Other familiar drugs cause deaths now and then as well, including even aspirin if susceptible people take too much. Yet no one talks about removing aspirin from shelves.
Society also accepts much larger numbers of fatalities and injuries while using other products, such as automobiles, which annually kill more than 40,000 people.
Yet for those whose loved ones die because of a drug, any risk of death is too great, of course.
One way to improve drug outcomes is to better define who is susceptible to harm. This is one of the issues with Vioxx, which apparently was safe for many people to use that didn't have a heart condition.
There is evidence Merck was aware of the danger its drug posed to a subset of those taking it; in any case, the company did not follow through on that information, which might have shrunk its market—and profits.

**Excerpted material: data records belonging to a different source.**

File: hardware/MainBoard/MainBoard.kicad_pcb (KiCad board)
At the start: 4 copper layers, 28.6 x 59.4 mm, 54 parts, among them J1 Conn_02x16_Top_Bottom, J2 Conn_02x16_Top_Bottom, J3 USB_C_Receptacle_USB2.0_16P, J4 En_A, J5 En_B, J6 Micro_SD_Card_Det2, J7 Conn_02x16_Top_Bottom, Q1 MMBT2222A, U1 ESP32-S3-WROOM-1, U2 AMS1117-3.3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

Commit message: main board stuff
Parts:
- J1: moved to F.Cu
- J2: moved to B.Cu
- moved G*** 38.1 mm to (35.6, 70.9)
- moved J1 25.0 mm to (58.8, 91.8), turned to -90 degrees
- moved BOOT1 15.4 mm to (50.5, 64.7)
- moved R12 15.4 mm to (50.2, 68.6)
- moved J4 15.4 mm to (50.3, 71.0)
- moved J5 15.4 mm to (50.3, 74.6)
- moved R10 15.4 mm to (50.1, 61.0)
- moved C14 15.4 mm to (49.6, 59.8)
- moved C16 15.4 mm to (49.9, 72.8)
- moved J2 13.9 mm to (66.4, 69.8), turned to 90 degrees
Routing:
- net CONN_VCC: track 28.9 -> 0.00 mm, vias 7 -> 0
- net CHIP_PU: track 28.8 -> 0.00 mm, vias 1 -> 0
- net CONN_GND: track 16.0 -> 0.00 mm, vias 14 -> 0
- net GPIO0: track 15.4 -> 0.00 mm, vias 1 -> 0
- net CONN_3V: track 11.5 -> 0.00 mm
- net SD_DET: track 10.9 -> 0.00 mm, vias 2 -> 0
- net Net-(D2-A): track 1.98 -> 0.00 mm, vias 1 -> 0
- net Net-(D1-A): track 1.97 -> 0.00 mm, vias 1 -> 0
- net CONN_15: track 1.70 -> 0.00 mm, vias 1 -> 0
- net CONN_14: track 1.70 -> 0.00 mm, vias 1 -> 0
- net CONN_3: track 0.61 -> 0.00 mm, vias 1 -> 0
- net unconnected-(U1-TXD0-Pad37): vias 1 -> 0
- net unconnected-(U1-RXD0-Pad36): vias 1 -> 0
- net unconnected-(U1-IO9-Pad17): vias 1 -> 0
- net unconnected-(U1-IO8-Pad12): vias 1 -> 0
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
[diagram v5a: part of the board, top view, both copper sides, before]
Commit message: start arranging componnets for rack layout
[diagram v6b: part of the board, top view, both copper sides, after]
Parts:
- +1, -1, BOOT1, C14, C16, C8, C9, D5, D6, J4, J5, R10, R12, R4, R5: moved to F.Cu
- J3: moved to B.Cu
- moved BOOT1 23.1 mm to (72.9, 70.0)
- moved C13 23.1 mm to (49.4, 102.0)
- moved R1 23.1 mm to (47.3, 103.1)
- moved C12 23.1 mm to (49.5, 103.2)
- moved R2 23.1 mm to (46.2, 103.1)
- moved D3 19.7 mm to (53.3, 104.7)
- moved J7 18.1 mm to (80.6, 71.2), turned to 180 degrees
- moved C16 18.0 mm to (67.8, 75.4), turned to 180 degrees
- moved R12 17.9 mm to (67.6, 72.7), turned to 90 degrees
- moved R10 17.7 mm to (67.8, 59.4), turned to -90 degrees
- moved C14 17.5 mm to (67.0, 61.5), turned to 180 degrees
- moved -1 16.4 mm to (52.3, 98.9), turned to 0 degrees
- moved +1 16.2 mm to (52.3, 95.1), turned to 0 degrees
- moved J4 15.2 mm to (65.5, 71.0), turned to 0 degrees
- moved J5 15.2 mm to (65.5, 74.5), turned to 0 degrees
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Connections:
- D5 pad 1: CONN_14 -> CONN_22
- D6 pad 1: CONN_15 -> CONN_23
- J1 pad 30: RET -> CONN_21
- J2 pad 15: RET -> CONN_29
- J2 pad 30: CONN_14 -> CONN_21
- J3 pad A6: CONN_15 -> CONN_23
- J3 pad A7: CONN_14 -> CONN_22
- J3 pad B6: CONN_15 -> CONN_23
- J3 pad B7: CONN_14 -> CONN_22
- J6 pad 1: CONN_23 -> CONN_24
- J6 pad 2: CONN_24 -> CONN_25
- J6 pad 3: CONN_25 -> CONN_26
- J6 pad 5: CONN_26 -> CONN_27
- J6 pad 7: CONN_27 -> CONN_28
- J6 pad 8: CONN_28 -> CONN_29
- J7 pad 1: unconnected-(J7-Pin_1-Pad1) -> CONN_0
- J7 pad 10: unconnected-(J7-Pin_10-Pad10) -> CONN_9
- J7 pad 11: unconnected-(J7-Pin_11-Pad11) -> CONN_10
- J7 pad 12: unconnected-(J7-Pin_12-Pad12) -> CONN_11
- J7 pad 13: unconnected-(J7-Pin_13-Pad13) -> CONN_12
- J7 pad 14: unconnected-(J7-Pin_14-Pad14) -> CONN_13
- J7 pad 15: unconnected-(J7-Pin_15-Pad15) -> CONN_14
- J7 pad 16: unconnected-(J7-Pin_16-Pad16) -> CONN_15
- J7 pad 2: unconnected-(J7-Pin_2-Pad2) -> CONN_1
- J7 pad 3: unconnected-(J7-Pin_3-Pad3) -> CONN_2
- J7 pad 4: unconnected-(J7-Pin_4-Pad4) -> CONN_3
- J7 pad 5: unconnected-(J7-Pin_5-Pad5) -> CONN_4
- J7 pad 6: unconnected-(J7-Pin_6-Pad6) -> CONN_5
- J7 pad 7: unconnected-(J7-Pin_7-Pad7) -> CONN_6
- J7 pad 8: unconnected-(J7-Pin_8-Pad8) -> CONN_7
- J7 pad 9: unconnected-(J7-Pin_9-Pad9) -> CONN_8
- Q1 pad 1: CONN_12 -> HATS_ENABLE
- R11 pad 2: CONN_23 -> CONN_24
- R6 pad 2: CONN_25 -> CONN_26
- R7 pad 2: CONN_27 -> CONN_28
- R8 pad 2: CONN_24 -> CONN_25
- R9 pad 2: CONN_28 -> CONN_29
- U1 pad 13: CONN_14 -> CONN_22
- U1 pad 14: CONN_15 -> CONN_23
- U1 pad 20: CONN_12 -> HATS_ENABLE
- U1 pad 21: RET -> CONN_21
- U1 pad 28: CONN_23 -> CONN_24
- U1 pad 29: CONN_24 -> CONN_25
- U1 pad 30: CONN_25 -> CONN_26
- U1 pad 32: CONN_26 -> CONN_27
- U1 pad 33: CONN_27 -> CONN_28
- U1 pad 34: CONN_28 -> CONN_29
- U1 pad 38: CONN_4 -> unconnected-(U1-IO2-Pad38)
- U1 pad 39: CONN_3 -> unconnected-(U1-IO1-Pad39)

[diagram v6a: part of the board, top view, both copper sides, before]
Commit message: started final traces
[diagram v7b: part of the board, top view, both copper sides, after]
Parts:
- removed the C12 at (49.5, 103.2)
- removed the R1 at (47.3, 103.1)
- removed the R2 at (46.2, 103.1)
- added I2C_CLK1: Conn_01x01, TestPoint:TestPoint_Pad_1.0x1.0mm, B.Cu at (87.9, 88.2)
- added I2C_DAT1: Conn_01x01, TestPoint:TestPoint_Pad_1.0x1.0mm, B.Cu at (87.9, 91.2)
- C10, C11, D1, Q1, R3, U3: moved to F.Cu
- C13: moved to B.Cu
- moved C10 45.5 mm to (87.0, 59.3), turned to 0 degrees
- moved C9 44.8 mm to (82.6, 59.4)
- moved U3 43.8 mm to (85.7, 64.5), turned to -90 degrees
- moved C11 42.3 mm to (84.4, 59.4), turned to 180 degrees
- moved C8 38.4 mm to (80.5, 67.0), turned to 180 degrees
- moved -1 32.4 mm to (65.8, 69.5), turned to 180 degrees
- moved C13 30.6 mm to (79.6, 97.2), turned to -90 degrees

In the wake of the Vioxx fiasco, the dilemma of what risk is too much prompted Congress to require that the F.D.A. more closely monitor drugs after approval. Some believe a fear of repeating that mistake is one reason that regulators are approving so few drugs. Last year, the F.D.A. approved only 17 new drugs, a near-record low.
So we will wait to see which way Byetta goes. Will these six deaths in three years be anomalies, or will others succumb? Have there already been too many deaths for a drug that may be better than others for some, but not dramatically? Or is the trade-off so far worth it?